Work request.
A faithful, complete transcript of the entries below, without pictures, should be returned.

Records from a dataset
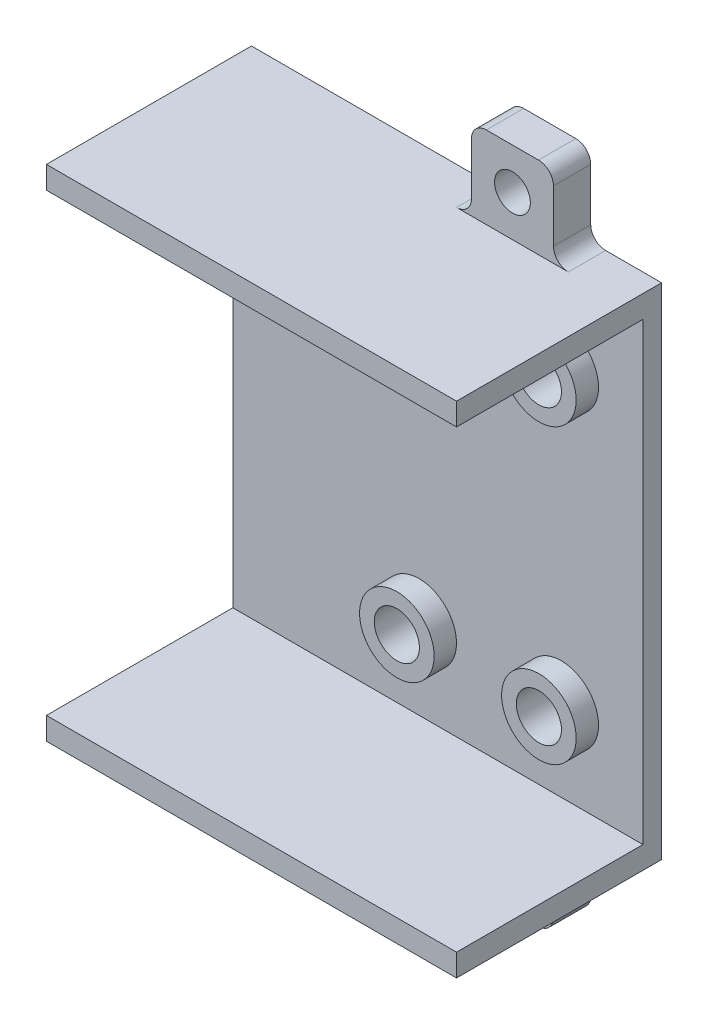
SolidWorks part; units mm, degrees
material "ABS"
ref_plane "X-Y Datum" through (0, 0, 0) normal (0, 0, 1) x (1, 0, 0)
ref_plane "X-Z Datum" through (0, 0, 0) normal (0, 1, 0) x (1, 0, 0)
ref_plane "Y-Z Datum" through (0, 0, 0) normal (1, 0, 0) x (0, 0, -1)
sketch "Sketch1" plane through (0, 0, 0) normal (0, 0, 1) x (1, 0, 0)
  line L1 (-27.5, 33.5) -> (27.5, 33.5)
  line L2 (-27.5, 33.5) -> (-27.5, -33.5)
  line L3 (-27.5, -33.5) -> (27.5, -33.5)
  line L4 (27.5, 33.5) -> (27.5, -33.5)
  line L5 (-27.5, 33.5) -> (27.5, -33.5) construction
  line L6 (-27.5, -33.5) -> (27.5, 33.5) construction
  point P0 (0, 0)
  dimension "D1" = 55
  dimension "D2" = 67
extrude "Boss-Extrude1" add sketch "Sketch1" along normal blind 2.5
sketch "Sketch2" plane through (0, 0, 2.5) normal (0, 0, 1) x (1, 0, 0)
  line L0 (27.5, -33.5) -> (27.5, 33.5) construction
  line L1 (-27.5, 33.5) -> (27.5, 33.5)
  line L2 (-27.5, 33.5) -> (-27.5, 30.5)
  line L3 (-27.5, 30.5) -> (27.5, 30.5)
  line L4 (27.5, 33.5) -> (27.5, 30.5)
  line L5 (-27.5, 33.5) -> (-27.5, -33.5) construction
  line L6 (27.5, -33.5) -> (-27.5, -33.5)
  line L7 (27.5, -33.5) -> (27.5, -30.5)
  line L8 (27.5, -30.5) -> (-27.5, -30.5)
  line L9 (-27.5, -33.5) -> (-27.5, -30.5)
  dimension "D1" = 3
extrude "Boss-Extrude2" add sketch "Sketch2" along normal blind 25
sketch "Sketch3" plane through (0, 0, 2.5) normal (0, 0, 1) x (1, 0, 0)
  circle A0 centre (-2.504, 19.6215) radius 3.025
  circle A1 centre (16.546, 19.6215) radius 3.025
  circle A2 centre (16.546, -19.6215) radius 3.025
  circle A3 centre (-2.504, -19.6215) radius 3.025
  circle A4 centre (-2.504, 19.6215) radius 5
  circle A5 centre (16.546, 19.6215) radius 5
  circle A6 centre (16.546, -19.6215) radius 5
  circle A7 centre (-2.504, -19.6215) radius 5
  dimension "D1" = 6.05
  dimension "D2" = 10
extrude "Boss-Extrude3" add sketch "Sketch3" along normal blind 3
sketch "Sketch4" plane through (0, 0, 2.5) normal (0, 0, 1) x (1, 0, 0)
  circle A0 centre (16.546, -19.6215) radius 3.025 construction
  circle A1 centre (-2.504, -19.6215) radius 3.025 construction
  circle A2 centre (16.546, 19.6215) radius 3.025 construction
  circle A3 centre (-2.504, 19.6215) radius 3.025 construction
  circle A4 centre (16.546, -19.6215) radius 3.025
  circle A5 centre (-2.504, -19.6215) radius 3.025
  circle A6 centre (16.546, 19.6215) radius 3.025
  circle A7 centre (-2.504, 19.6215) radius 3.025
extrude "Cut-Extrude1" cut sketch "Sketch4" against normal blind 2
sketch "Sketch5" plane through (0, 0, 0) normal (0, 0, -1) x (-1, 0, 0)
  line L0 (-27.5, 33.5) -> (27.5, 33.5) construction
  line L1 (-18, 33.5) -> (-7, 33.5)
  line L2 (-18, 33.5) -> (-18, 44.5)
  line L3 (-18, 44.5) -> (-7, 44.5)
  line L4 (-7, 33.5) -> (-7, 44.5)
  line L5 (-12.5, 44.5) -> (-12.5, 33.5)
  line L6 (-27.5, -33.5) -> (-27.5, 33.5) construction
  circle A0 centre (-12.5, 39) radius 2 construction
  line M9 (27.5, 33.5) -> (-27.5, 33.5)
  dimension "D3" = 4
  dimension "D1" = 11
  dimension "D2" = 11
  dimension "D4" = 15
extrude "Boss-Extrude4" add sketch "Sketch5" against normal blind 5 contours L3 L5 L4 M9 | L5 L3 L2 L1
hole_wizard "M4 Clearance Hole1" positions "Sketch8" profile "Sketch7" hole size "M4" standard "ANSI Metric" end condition through all
sketch "Sketch8" plane through (0, 0, 5) normal (0, 0, 1) x (1, 0, 0)
  point P0 (12.5, 39)
sketch "Sketch7" plane through (12.5, 39, 5) normal (1, 0, 0) x (0, -1, 0)
  line L0 (0, 0) -> (0, 5)
  line L1 (0, 5) -> (2.4, 5)
  line L2 (2.4, 5) -> (2.4, 0)
  line L5 (2.4, 0) -> (0, 0)
  line L11 (0, -6.35) -> (0, 107.95) construction
  dimension "Thru Hole Dia." = 4.8
  dimension "Thru Hole Depth" = 5
sketch "Sketch9" plane through (0, 0, 5) normal (0, 0, 1) x (1, 0, 0)
  line L0 (12.5, 41.4) -> (18, 41.4)
  line L1 (12.5, 44.5) -> (12.5, 33.5) construction
  line L2 (18, 33.5) -> (18, 44.5) construction
  line L3 (12.5, 36.6) -> (18, 36.6)
  line L8 (18, 44.5) -> (7, 44.5)
  line L9 (7, 44.5) -> (7, 33.5)
  line L10 (7, 33.5) -> (18, 33.5)
  line L11 (18, 33.5) -> (18, 44.5)
  line L12 (18, 44.5) -> (7, 44.5)
  line L13 (7, 44.5) -> (7, 33.5)
  line L14 (7, 33.5) -> (18, 33.5)
  line L15 (18, 33.5) -> (18, 44.5)
  circle A0 centre (12.5, 39) radius 2.4 construction
  circle A1 centre (12.5, 39) radius 2.4
  circle M5 centre (12.5, 39) radius 2.4
  line M9 (18, 33.5) -> (18, 44.5)
  dimension "D1" = 0
extrude "Cut-Extrude2" [suppressed] cut sketch "Sketch9" against normal through all contours L3 L0 M5 M9
mirror "Mirror2" about plane through (0, 0, 0) normal (0, 1, 0) of "Cut-Extrude2", "M4 Clearance Hole1", "Boss-Extrude4"
fillet "Fillet2" [suppressed] radius 2
fillet "Fillet3" radius 2 8 edges at (18, -33.5, 2.5) (18, -44.5, 2.5) (7, -44.5, 2.5) (7, -33.5, 2.5) (18, 33.5, 2.5) (18, 44.5, 2.5) (7, 44.5, 2.5) (7, 33.5, 2.5)

Task solution.
SolidWorks part; units mm, degrees
material "ABS"
ref_plane "X-Y Datum" through (0, 0, 0) normal (0, 0, 1) x (1, 0, 0)
ref_plane "X-Z Datum" through (0, 0, 0) normal (0, 1, 0) x (1, 0, 0)
ref_plane "Y-Z Datum" through (0, 0, 0) normal (1, 0, 0) x (0, 0, -1)
sketch "Sketch1" plane through (0, 0, 0) normal (0, 0, 1) x (1, 0, 0)
  line L1 (-27.5, 33.5) -> (27.5, 33.5)
  line L2 (-27.5, 33.5) -> (-27.5, -33.5)
  line L3 (-27.5, -33.5) -> (27.5, -33.5)
  line L4 (27.5, 33.5) -> (27.5, -33.5)
  line L5 (-27.5, 33.5) -> (27.5, -33.5) construction
  line L6 (-27.5, -33.5) -> (27.5, 33.5) construction
  point P0 (0, 0)
  dimension "D1" = 55
  dimension "D2" = 67
extrude "Boss-Extrude1" add sketch "Sketch1" along normal blind 2.5
sketch "Sketch2" plane through (0, 0, 2.5) normal (0, 0, 1) x (1, 0, 0)
  line L0 (27.5, -33.5) -> (27.5, 33.5) construction
  line L1 (-27.5, 33.5) -> (27.5, 33.5)
  line L2 (-27.5, 33.5) -> (-27.5, 30.5)
  line L3 (-27.5, 30.5) -> (27.5, 30.5)
  line L4 (27.5, 33.5) -> (27.5, 30.5)
  line L5 (-27.5, 33.5) -> (-27.5, -33.5) construction
  line L6 (27.5, -33.5) -> (-27.5, -33.5)
  line L7 (27.5, -33.5) -> (27.5, -30.5)
  line L8 (27.5, -30.5) -> (-27.5, -30.5)
  line L9 (-27.5, -33.5) -> (-27.5, -30.5)
  dimension "D1" = 3
extrude "Boss-Extrude2" add sketch "Sketch2" along normal blind 25
sketch "Sketch3" plane through (0, 0, 2.5) normal (0, 0, 1) x (1, 0, 0)
  circle A0 centre (-2.504, 19.6215) radius 3.025
  circle A1 centre (16.546, 19.6215) radius 3.025
  circle A2 centre (16.546, -19.6215) radius 3.025
  circle A3 centre (-2.504, -19.6215) radius 3.025
  circle A4 centre (-2.504, 19.6215) radius 5
  circle A5 centre (16.546, 19.6215) radius 5
  circle A6 centre (16.546, -19.6215) radius 5
  circle A7 centre (-2.504, -19.6215) radius 5
  dimension "D1" = 6.05
  dimension "D2" = 10
extrude "Boss-Extrude3" add sketch "Sketch3" along normal blind 3
sketch "Sketch4" plane through (0, 0, 2.5) normal (0, 0, 1) x (1, 0, 0)
  circle A0 centre (16.546, -19.6215) radius 3.025 construction
  circle A1 centre (-2.504, -19.6215) radius 3.025 construction
  circle A2 centre (16.546, 19.6215) radius 3.025 construction
  circle A3 centre (-2.504, 19.6215) radius 3.025 construction
  circle A4 centre (16.546, -19.6215) radius 3.025
  circle A5 centre (-2.504, -19.6215) radius 3.025
  circle A6 centre (16.546, 19.6215) radius 3.025
  circle A7 centre (-2.504, 19.6215) radius 3.025
extrude "Cut-Extrude1" cut sketch "Sketch4" against normal blind 2
sketch "Sketch5" plane through (0, 0, 0) normal (0, 0, -1) x (-1, 0, 0)
  line L0 (-27.5, 33.5) -> (27.5, 33.5) construction
  line L1 (-18, 33.5) -> (-7, 33.5)
  line L2 (-18, 33.5) -> (-18, 44.5)
  line L3 (-18, 44.5) -> (-7, 44.5)
  line L4 (-7, 33.5) -> (-7, 44.5)
  line L5 (-12.5, 44.5) -> (-12.5, 33.5)
  line L6 (-27.5, -33.5) -> (-27.5, 33.5) construction
  circle A0 centre (-12.5, 39) radius 2 construction
  line M9 (27.5, 33.5) -> (-27.5, 33.5)
  dimension "D3" = 4
  dimension "D1" = 11
  dimension "D2" = 11
  dimension "D4" = 15
extrude "Boss-Extrude4" add sketch "Sketch5" against normal blind 5 contours L3 L5 L4 M9 | L5 L3 L2 L1
hole_wizard "M4 Clearance Hole1" positions "Sketch8" profile "Sketch7" hole size "M4" standard "ANSI Metric" end condition through all
sketch "Sketch8" plane through (0, 0, 5) normal (0, 0, 1) x (1, 0, 0)
  point P0 (12.5, 39)
sketch "Sketch7" plane through (12.5, 39, 5) normal (1, 0, 0) x (0, -1, 0)
  line L0 (0, 0) -> (0, 5)
  line L1 (0, 5) -> (2.4, 5)
  line L2 (2.4, 5) -> (2.4, 0)
  line L5 (2.4, 0) -> (0, 0)
  line L11 (0, -6.35) -> (0, 107.95) construction
  dimension "Thru Hole Dia." = 4.8
  dimension "Thru Hole Depth" = 5
sketch "Sketch9" plane through (0, 0, 5) normal (0, 0, 1) x (1, 0, 0)
  line L0 (12.5, 41.4) -> (18, 41.4)
  line L1 (12.5, 44.5) -> (12.5, 33.5) construction
  line L2 (18, 33.5) -> (18, 44.5) construction
  line L3 (12.5, 36.6) -> (18, 36.6)
  line L8 (18, 44.5) -> (7, 44.5)
  line L9 (7, 44.5) -> (7, 33.5)
  line L10 (7, 33.5) -> (18, 33.5)
  line L11 (18, 33.5) -> (18, 44.5)
  line L12 (18, 44.5) -> (7, 44.5)
  line L13 (7, 44.5) -> (7, 33.5)
  line L14 (7, 33.5) -> (18, 33.5)
  line L15 (18, 33.5) -> (18, 44.5)
  circle A0 centre (12.5, 39) radius 2.4 construction
  circle A1 centre (12.5, 39) radius 2.4
  circle M5 centre (12.5, 39) radius 2.4
  line M9 (18, 33.5) -> (18, 44.5)
  dimension "D1" = 0
extrude "Cut-Extrude2" [suppressed] cut sketch "Sketch9" against normal through all contours L3 L0 M5 M9
mirror "Mirror2" about plane through (0, 0, 0) normal (0, 1, 0) of "Cut-Extrude2", "M4 Clearance Hole1", "Boss-Extrude4"
fillet "Fillet2" [suppressed] radius 2
fillet "Fillet3" radius 2 8 edges at (18, -33.5, 2.5) (18, -44.5, 2.5) (7, -44.5, 2.5) (7, -33.5, 2.5) (18, 33.5, 2.5) (18, 44.5, 2.5) (7, 44.5, 2.5) (7, 33.5, 2.5)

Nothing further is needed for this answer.